• **EXERCISE DIRECTIONS**: For the listing that follows, give again exactly the lines from the one with "Gain3 : Gain" to the one with "Constant1/1 -> Switch/2", including both.

--------------------------------

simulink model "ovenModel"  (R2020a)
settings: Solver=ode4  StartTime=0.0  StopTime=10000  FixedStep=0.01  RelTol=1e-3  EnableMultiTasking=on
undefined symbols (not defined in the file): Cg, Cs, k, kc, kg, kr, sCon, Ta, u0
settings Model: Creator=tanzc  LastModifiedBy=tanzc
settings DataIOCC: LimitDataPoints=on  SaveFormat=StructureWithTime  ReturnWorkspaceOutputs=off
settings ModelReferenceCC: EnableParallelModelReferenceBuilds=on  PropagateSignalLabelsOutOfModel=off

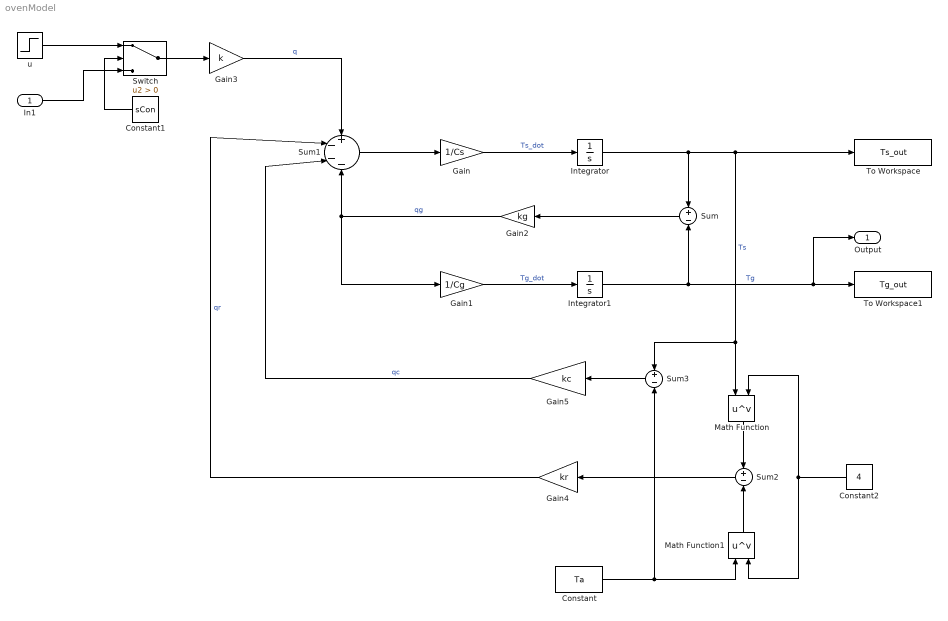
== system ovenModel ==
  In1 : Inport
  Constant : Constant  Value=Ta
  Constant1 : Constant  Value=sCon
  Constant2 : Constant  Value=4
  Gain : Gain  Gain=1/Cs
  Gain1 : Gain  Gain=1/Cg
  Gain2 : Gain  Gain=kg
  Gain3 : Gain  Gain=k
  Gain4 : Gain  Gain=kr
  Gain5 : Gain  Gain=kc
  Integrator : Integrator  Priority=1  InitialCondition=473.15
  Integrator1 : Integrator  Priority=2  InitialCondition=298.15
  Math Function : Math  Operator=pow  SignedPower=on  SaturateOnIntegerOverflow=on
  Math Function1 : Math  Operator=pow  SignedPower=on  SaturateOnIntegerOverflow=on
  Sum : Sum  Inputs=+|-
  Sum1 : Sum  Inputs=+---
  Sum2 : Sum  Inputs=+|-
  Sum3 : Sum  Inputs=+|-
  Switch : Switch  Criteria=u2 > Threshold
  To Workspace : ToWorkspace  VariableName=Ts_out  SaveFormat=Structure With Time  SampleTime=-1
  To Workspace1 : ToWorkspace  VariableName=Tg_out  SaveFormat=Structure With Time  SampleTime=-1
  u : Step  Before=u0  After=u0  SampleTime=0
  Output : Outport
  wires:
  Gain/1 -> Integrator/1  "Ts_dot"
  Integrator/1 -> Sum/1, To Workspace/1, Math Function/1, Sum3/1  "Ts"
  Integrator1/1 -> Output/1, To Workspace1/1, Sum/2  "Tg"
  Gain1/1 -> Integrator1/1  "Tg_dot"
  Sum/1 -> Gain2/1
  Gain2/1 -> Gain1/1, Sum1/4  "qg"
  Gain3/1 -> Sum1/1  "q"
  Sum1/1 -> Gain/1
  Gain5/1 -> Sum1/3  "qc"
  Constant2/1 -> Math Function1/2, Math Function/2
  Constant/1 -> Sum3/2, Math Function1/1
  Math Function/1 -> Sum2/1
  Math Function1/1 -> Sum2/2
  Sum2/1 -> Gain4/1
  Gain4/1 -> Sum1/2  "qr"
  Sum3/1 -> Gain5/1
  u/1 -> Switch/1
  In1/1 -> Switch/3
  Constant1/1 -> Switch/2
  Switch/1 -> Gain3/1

--------------------------------

• **ANSWER FOR THE TASK**:
  Gain3 : Gain  Gain=k
  Gain4 : Gain  Gain=kr
  Gain5 : Gain  Gain=kc
  Integrator : Integrator  Priority=1  InitialCondition=473.15
  Integrator1 : Integrator  Priority=2  InitialCondition=298.15
  Math Function : Math  Operator=pow  SignedPower=on  SaturateOnIntegerOverflow=on
  Math Function1 : Math  Operator=pow  SignedPower=on  SaturateOnIntegerOverflow=on
  Sum : Sum  Inputs=+|-
  Sum1 : Sum  Inputs=+---
  Sum2 : Sum  Inputs=+|-
  Sum3 : Sum  Inputs=+|-
  Switch : Switch  Criteria=u2 > Threshold
  To Workspace : ToWorkspace  VariableName=Ts_out  SaveFormat=Structure With Time  SampleTime=-1
  To Workspace1 : ToWorkspace  VariableName=Tg_out  SaveFormat=Structure With Time  SampleTime=-1
  u : Step  Before=u0  After=u0  SampleTime=0
  Output : Outport
  wires:
  Gain/1 -> Integrator/1  "Ts_dot"
  Integrator/1 -> Sum/1, To Workspace/1, Math Function/1, Sum3/1  "Ts"
  Integrator1/1 -> Output/1, To Workspace1/1, Sum/2  "Tg"
  Gain1/1 -> Integrator1/1  "Tg_dot"
  Sum/1 -> Gain2/1
  Gain2/1 -> Gain1/1, Sum1/4  "qg"
  Gain3/1 -> Sum1/1  "q"
  Sum1/1 -> Gain/1
  Gain5/1 -> Sum1/3  "qc"
  Constant2/1 -> Math Function1/2, Math Function/2
  Constant/1 -> Sum3/2, Math Function1/1
  Math Function/1 -> Sum2/1
  Math Function1/1 -> Sum2/2
  Sum2/1 -> Gain4/1
  Gain4/1 -> Sum1/2  "qr"
  Sum3/1 -> Gain5/1
  u/1 -> Switch/1
  In1/1 -> Switch/3
  Constant1/1 -> Switch/2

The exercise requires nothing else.